Go through the entries below and print, exactly, the lines starting at the one with "- added SW25: SW_Push, Keyboard_JSA:MX_Hotswap_Choc_Solder, F.Cu" and ending at the one with "- net Row4: track", keeping both ends and no others.

• • • • •

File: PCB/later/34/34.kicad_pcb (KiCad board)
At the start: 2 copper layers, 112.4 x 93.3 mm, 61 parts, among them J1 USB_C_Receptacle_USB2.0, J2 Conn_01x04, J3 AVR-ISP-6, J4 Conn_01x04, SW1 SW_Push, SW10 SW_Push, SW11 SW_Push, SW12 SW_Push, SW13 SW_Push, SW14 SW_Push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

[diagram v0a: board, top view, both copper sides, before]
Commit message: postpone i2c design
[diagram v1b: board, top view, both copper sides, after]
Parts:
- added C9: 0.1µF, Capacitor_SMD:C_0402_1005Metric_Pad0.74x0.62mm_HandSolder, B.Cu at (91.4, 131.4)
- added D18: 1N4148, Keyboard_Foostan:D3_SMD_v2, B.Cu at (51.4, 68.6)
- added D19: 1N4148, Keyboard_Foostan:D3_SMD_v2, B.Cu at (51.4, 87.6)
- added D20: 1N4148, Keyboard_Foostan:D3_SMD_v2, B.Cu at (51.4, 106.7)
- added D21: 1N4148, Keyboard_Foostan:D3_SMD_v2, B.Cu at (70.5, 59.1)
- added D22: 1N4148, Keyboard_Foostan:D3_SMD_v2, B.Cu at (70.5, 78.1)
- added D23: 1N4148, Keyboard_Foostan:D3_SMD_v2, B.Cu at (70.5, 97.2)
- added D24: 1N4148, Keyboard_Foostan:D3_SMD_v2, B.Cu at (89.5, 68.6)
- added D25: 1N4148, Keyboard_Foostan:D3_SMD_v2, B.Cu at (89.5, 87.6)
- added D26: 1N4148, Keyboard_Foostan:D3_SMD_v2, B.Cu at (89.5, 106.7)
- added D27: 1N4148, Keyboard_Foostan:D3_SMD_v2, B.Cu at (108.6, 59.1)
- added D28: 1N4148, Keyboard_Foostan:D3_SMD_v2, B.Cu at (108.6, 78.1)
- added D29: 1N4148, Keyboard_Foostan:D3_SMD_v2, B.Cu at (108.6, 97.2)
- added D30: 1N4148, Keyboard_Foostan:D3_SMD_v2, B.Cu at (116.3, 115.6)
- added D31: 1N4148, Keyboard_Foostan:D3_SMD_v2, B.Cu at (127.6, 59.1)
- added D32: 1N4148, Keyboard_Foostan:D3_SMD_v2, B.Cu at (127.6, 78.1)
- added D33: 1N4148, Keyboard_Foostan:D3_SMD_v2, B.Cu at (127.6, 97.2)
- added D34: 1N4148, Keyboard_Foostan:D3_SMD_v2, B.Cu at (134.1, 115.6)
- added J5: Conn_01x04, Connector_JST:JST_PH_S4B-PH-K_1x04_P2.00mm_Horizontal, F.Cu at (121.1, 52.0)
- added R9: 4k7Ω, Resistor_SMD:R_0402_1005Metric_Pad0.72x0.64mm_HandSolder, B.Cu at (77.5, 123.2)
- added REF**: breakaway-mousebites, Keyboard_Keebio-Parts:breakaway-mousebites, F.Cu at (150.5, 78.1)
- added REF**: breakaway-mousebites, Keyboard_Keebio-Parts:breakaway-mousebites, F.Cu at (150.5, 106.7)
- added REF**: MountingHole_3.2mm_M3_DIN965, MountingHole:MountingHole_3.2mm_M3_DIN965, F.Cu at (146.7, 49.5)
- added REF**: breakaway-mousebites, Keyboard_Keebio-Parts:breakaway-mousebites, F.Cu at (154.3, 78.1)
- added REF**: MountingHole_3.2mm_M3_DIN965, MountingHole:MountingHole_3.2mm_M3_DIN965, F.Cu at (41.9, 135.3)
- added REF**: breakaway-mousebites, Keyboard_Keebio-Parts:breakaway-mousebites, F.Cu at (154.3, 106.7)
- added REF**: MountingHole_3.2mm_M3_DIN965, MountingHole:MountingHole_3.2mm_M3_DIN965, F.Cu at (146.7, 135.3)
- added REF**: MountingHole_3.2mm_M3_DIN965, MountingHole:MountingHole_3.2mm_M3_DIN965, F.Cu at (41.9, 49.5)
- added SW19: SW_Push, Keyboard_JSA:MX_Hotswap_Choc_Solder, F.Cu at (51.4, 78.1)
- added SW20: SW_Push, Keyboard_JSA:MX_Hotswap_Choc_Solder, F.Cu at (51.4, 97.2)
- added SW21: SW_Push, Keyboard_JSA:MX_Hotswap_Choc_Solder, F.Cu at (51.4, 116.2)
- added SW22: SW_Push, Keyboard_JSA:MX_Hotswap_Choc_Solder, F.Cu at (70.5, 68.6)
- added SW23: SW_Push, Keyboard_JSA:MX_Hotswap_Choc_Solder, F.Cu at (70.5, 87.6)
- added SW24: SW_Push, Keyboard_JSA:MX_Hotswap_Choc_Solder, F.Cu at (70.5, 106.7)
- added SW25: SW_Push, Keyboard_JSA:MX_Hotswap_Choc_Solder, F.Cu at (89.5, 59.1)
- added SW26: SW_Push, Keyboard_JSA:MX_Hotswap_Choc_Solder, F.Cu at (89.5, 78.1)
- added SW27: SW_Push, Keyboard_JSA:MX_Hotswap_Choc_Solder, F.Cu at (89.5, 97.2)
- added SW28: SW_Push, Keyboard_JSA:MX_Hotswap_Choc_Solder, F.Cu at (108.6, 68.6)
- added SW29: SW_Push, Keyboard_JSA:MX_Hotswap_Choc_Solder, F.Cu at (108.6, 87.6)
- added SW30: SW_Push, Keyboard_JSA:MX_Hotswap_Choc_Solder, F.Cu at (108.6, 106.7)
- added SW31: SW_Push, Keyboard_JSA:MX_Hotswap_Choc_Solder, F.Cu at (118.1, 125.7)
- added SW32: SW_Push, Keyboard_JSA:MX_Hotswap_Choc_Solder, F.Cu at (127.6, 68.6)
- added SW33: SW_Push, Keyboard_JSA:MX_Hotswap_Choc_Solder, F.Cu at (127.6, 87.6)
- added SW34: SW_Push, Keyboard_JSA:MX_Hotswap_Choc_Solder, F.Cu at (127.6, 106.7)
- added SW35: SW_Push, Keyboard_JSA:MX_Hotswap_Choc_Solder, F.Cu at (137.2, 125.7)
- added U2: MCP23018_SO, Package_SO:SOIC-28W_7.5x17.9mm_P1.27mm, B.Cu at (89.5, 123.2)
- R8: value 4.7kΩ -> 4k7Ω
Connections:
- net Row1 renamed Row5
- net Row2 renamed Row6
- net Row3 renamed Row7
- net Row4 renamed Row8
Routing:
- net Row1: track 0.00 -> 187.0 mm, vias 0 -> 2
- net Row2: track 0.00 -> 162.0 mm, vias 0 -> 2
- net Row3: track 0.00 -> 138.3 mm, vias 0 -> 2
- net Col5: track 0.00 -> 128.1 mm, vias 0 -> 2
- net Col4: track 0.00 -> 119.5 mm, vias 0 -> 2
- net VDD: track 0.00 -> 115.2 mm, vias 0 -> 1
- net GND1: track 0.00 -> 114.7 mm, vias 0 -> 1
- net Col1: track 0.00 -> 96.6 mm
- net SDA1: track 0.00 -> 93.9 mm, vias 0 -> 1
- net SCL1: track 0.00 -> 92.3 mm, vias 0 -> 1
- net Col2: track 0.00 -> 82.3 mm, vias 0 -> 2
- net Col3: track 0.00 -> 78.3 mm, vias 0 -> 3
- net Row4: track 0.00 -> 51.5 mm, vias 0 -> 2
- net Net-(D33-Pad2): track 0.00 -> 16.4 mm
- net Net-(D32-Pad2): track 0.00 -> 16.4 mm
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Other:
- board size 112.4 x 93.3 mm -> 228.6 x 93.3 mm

• • • • •

**Answer below:**
- added SW25: SW_Push, Keyboard_JSA:MX_Hotswap_Choc_Solder, F.Cu at (89.5, 59.1)
- added SW26: SW_Push, Keyboard_JSA:MX_Hotswap_Choc_Solder, F.Cu at (89.5, 78.1)
- added SW27: SW_Push, Keyboard_JSA:MX_Hotswap_Choc_Solder, F.Cu at (89.5, 97.2)
- added SW28: SW_Push, Keyboard_JSA:MX_Hotswap_Choc_Solder, F.Cu at (108.6, 68.6)
- added SW29: SW_Push, Keyboard_JSA:MX_Hotswap_Choc_Solder, F.Cu at (108.6, 87.6)
- added SW30: SW_Push, Keyboard_JSA:MX_Hotswap_Choc_Solder, F.Cu at (108.6, 106.7)
- added SW31: SW_Push, Keyboard_JSA:MX_Hotswap_Choc_Solder, F.Cu at (118.1, 125.7)
- added SW32: SW_Push, Keyboard_JSA:MX_Hotswap_Choc_Solder, F.Cu at (127.6, 68.6)
- added SW33: SW_Push, Keyboard_JSA:MX_Hotswap_Choc_Solder, F.Cu at (127.6, 87.6)
- added SW34: SW_Push, Keyboard_JSA:MX_Hotswap_Choc_Solder, F.Cu at (127.6, 106.7)
- added SW35: SW_Push, Keyboard_JSA:MX_Hotswap_Choc_Solder, F.Cu at (137.2, 125.7)
- added U2: MCP23018_SO, Package_SO:SOIC-28W_7.5x17.9mm_P1.27mm, B.Cu at (89.5, 123.2)
- R8: value 4.7kΩ -> 4k7Ω
Connections:
- net Row1 renamed Row5
- net Row2 renamed Row6
- net Row3 renamed Row7
- net Row4 renamed Row8
Routing:
- net Row1: track 0.00 -> 187.0 mm, vias 0 -> 2
- net Row2: track 0.00 -> 162.0 mm, vias 0 -> 2
- net Row3: track 0.00 -> 138.3 mm, vias 0 -> 2
- net Col5: track 0.00 -> 128.1 mm, vias 0 -> 2
- net Col4: track 0.00 -> 119.5 mm, vias 0 -> 2
- net VDD: track 0.00 -> 115.2 mm, vias 0 -> 1
- net GND1: track 0.00 -> 114.7 mm, vias 0 -> 1
- net Col1: track 0.00 -> 96.6 mm
- net SDA1: track 0.00 -> 93.9 mm, vias 0 -> 1
- net SCL1: track 0.00 -> 92.3 mm, vias 0 -> 1
- net Col2: track 0.00 -> 82.3 mm, vias 0 -> 2
- net Col3: track 0.00 -> 78.3 mm, vias 0 -> 3
- net Row4: track 0.00 -> 51.5 mm, vias 0 -> 2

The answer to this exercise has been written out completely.